# Assignment
Print every record exactly, omitting all pictures.
Top of Input data
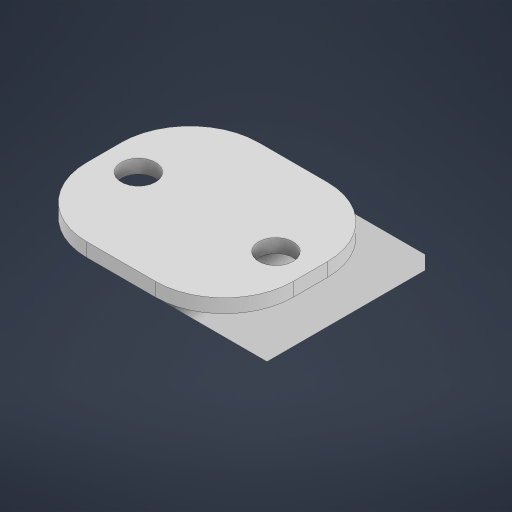
# Autodesk Inventor part: ancla
Saved by Autodesk Inventor 2023 (Build 270158000, 158)
## iProperties
Created: 2022-08-23
Part Number: ancla
Material: Generic
Document SubType Name: Modeling
Designer: marat
Density: 1 g/cm^3
Appearance: Default
Author: marat
Autodesk Inventor part; units mm, degrees
ref_plane "YZ Plane" through (0, 0, 0) normal (1, 0, 0) x (0, 1, 0)
ref_plane "XZ Plane" through (0, 0, 0) normal (0, 1, 0) x (-1, 0, 0)
ref_plane "XY Plane" through (0, 0, 0) normal (0, 0, 1) x (1, 0, 0)
sketch "Sketch1" plane through (0, 0, 0) normal (0, 1, 0) x (-1, 0, 0)
  line L0 (5, 12.5) -> (-5, 12.5)
  line L1 (-5, 12.5) -> (-5, -12.5)
  line L2 (-5, -12.5) -> (5, -12.5)
  line L3 (5, -12.5) -> (5, 12.5)
  line L4 (5, 12.5) -> (-5, -12.5) construction
  line L5 (-5, 12.5) -> (5, -12.5) construction
  line L6 (0, 7.5) -> (0, -7.5) construction
  line L7 (-1.5875, 7.5) -> (-1.5875, -7.5)
  line L8 (1.5875, -7.5) -> (1.5875, 7.5)
  arc A0 (1.5875, 7.5) -> (-1.5875, 7.5) centre (0, 7.5) ccw
  arc A1 (-1.5875, -7.5) -> (1.5875, -7.5) centre (0, -7.5) ccw
  point P0 (0, 0)
  point P1 (0, 0)
  dimension "d0" = 10
  dimension "d1" = 25
  dimension "d2" = 7.5
  dimension "d3" = 7.5
  dimension "d4" = 3.175
  constraints: 20 end point, 4 point on circle, 4 tangent, 3 midpoint, 3 parallel, 2 centre point, 1 horizontal, 1 perpendicular, 1 vertical
  measures "d0" distance of L2.end L1.end
  measures "d1" distance of L1.end L0.end
  measures "d2" distance of point (0, 0) L6.end
  measures "d3" distance of point (0, 0) L6.start
  measures "d4" diameter of A1
extrude "Extrusion1" add sketch "Sketch1" along normal blind 2
sketch "Sketch2" plane through (0, 2, 0) normal (0, 1, 0) x (1, 0, 0)
  line L0 (5, -12.5) -> (5, 12.5) projected
  line L1 (5, 12.5) -> (-5, 12.5) projected
  line L2 (-5, 12.5) -> (-5, -12.5) projected
  line L3 (-5, -12.5) -> (5, -12.5) projected
  arc A0 (-1.5875, -7.5) -> (1.5875, -7.5) centre (0, -7.5) ccw projected
  line L4 (-1.5875, -7.5) -> (-1.5875, 7.5) projected
  arc A1 (1.5875, 7.5) -> (-1.5875, 7.5) centre (0, 7.5) ccw projected
  line L5 (1.5875, 7.5) -> (1.5875, -7.5) projected
  line L6 (-3, -10.5) -> (-3, 10.5)
  line L7 (3, 10.5) -> (3, -10.5)
  line L8 (3, -10.5) -> (-3, -10.5)
  line L9 (-3, 10.5) -> (-3, 12.5)
  line L10 (3, 10.5) -> (3, 12.5)
  point P0 (0, 0)
  dimension "d7" = 2
  constraints: 10 end point, 2 perpendicular, 2 point on line, 1 other
  measures "d7" distance between parallel lines of L2 L6
sketch "Sketch3" plane through (0, 0, 0) normal (1, 0, 0) x (0, 1, 0)
  line L0 (2, 12.5) -> (16.2024, 26.7024)
  point P0 (0, 0)
  dimension "d15" = 20.0852
  constraints: 2 end point
  measures "d15" distance of L0.start L0.end
sweep "Sweep1" add profiles "Sketch2" path "Sketch3" contours L3 L2 L1 L9 L6 L8 L7 L10 L0
chamfer "Chamfer1" distance 2 angle 45 1 edges at (0, 0, 12.5)
sketch "Sketch5" plane through (-5, 16.2024, 26.7024) normal (0, 1, 0) x (1, 0, 0)
  line L0 (20, 0) -> (-10, 0)
  line L1 (-10, 0) -> (-10, 25)
  line L2 (-10, 25) -> (20, 25)
  line L3 (20, 25) -> (20, 0)
  line L4 (10, 0) -> (10, 25) projected
  circle A0 centre (15, 12.5) radius 2.5
  circle A1 centre (-5, 12.5) radius 2.5
  point P0 (5, 26.7024)
  dimension "d23" = 25
  dimension "d24" = 30
  dimension "d25" = 10
  dimension "d26" = 5
  dimension "d27" = 5
  dimension "d28" = 5
  dimension "d29" = 5
  constraints: 8 end point, 2 centre point, 2 parallel, 1 horizontal, 1 perpendicular
  measures "d23" distance of L0.end L1.end
  measures "d24" distance between parallel lines of L1 L3
  measures "d25" distance between parallel lines of L4 L3
  measures "d26" diameter of A0
  measures "d27" diameter of A1
  measures "d28" distance from line of L4 A0.centre
  measures "d29" distance from line of L1 A1.centre
extrude "Extrusion4" add sketch "Sketch5" along normal blind 2
fillet "Fillet1" radius 10 4 edges at (15, 17.2024, 1.7024) (-15, 17.2024, 1.7024) (-15, 17.2024, 26.7024) (15, 17.2024, 26.7024)
body "Solid1"
Bottom of Input data
# Solution to the exercise
# Autodesk Inventor part: ancla
Saved by Autodesk Inventor 2023 (Build 270158000, 158)
## iProperties
Created: 2022-08-23
Part Number: ancla
Material: Generic
Document SubType Name: Modeling
Designer: marat
Density: 1 g/cm^3
Appearance: Default
Author: marat
Autodesk Inventor part; units mm, degrees
ref_plane "YZ Plane" through (0, 0, 0) normal (1, 0, 0) x (0, 1, 0)
ref_plane "XZ Plane" through (0, 0, 0) normal (0, 1, 0) x (-1, 0, 0)
ref_plane "XY Plane" through (0, 0, 0) normal (0, 0, 1) x (1, 0, 0)
sketch "Sketch1" plane through (0, 0, 0) normal (0, 1, 0) x (-1, 0, 0)
  line L0 (5, 12.5) -> (-5, 12.5)
  line L1 (-5, 12.5) -> (-5, -12.5)
  line L2 (-5, -12.5) -> (5, -12.5)
  line L3 (5, -12.5) -> (5, 12.5)
  line L4 (5, 12.5) -> (-5, -12.5) construction
  line L5 (-5, 12.5) -> (5, -12.5) construction
  line L6 (0, 7.5) -> (0, -7.5) construction
  line L7 (-1.5875, 7.5) -> (-1.5875, -7.5)
  line L8 (1.5875, -7.5) -> (1.5875, 7.5)
  arc A0 (1.5875, 7.5) -> (-1.5875, 7.5) centre (0, 7.5) ccw
  arc A1 (-1.5875, -7.5) -> (1.5875, -7.5) centre (0, -7.5) ccw
  point P0 (0, 0)
  point P1 (0, 0)
  dimension "d0" = 10
  dimension "d1" = 25
  dimension "d2" = 7.5
  dimension "d3" = 7.5
  dimension "d4" = 3.175
  constraints: 20 end point, 4 point on circle, 4 tangent, 3 midpoint, 3 parallel, 2 centre point, 1 horizontal, 1 perpendicular, 1 vertical
  measures "d0" distance of L2.end L1.end
  measures "d1" distance of L1.end L0.end
  measures "d2" distance of point (0, 0) L6.end
  measures "d3" distance of point (0, 0) L6.start
  measures "d4" diameter of A1
extrude "Extrusion1" add sketch "Sketch1" along normal blind 2
sketch "Sketch2" plane through (0, 2, 0) normal (0, 1, 0) x (1, 0, 0)
  line L0 (5, -12.5) -> (5, 12.5) projected
  line L1 (5, 12.5) -> (-5, 12.5) projected
  line L2 (-5, 12.5) -> (-5, -12.5) projected
  line L3 (-5, -12.5) -> (5, -12.5) projected
  arc A0 (-1.5875, -7.5) -> (1.5875, -7.5) centre (0, -7.5) ccw projected
  line L4 (-1.5875, -7.5) -> (-1.5875, 7.5) projected
  arc A1 (1.5875, 7.5) -> (-1.5875, 7.5) centre (0, 7.5) ccw projected
  line L5 (1.5875, 7.5) -> (1.5875, -7.5) projected
  line L6 (-3, -10.5) -> (-3, 10.5)
  line L7 (3, 10.5) -> (3, -10.5)
  line L8 (3, -10.5) -> (-3, -10.5)
  line L9 (-3, 10.5) -> (-3, 12.5)
  line L10 (3, 10.5) -> (3, 12.5)
  point P0 (0, 0)
  dimension "d7" = 2
  constraints: 10 end point, 2 perpendicular, 2 point on line, 1 other
  measures "d7" distance between parallel lines of L2 L6
sketch "Sketch3" plane through (0, 0, 0) normal (1, 0, 0) x (0, 1, 0)
  line L0 (2, 12.5) -> (16.2024, 26.7024)
  point P0 (0, 0)
  dimension "d15" = 20.0852
  constraints: 2 end point
  measures "d15" distance of L0.start L0.end
sweep "Sweep1" add profiles "Sketch2" path "Sketch3" contours L3 L2 L1 L9 L6 L8 L7 L10 L0
chamfer "Chamfer1" distance 2 angle 45 1 edges at (0, 0, 12.5)
sketch "Sketch5" plane through (-5, 16.2024, 26.7024) normal (0, 1, 0) x (1, 0, 0)
  line L0 (20, 0) -> (-10, 0)
  line L1 (-10, 0) -> (-10, 25)
  line L2 (-10, 25) -> (20, 25)
  line L3 (20, 25) -> (20, 0)
  line L4 (10, 0) -> (10, 25) projected
  circle A0 centre (15, 12.5) radius 2.5
  circle A1 centre (-5, 12.5) radius 2.5
  point P0 (5, 26.7024)
  dimension "d23" = 25
  dimension "d24" = 30
  dimension "d25" = 10
  dimension "d26" = 5
  dimension "d27" = 5
  dimension "d28" = 5
  dimension "d29" = 5
  constraints: 8 end point, 2 centre point, 2 parallel, 1 horizontal, 1 perpendicular
  measures "d23" distance of L0.end L1.end
  measures "d24" distance between parallel lines of L1 L3
  measures "d25" distance between parallel lines of L4 L3
  measures "d26" diameter of A0
  measures "d27" diameter of A1
  measures "d28" distance from line of L4 A0.centre
  measures "d29" distance from line of L1 A1.centre
extrude "Extrusion4" add sketch "Sketch5" along normal blind 2
fillet "Fillet1" radius 10 4 edges at (15, 17.2024, 1.7024) (-15, 17.2024, 1.7024) (-15, 17.2024, 26.7024) (15, 17.2024, 26.7024)
body "Solid1"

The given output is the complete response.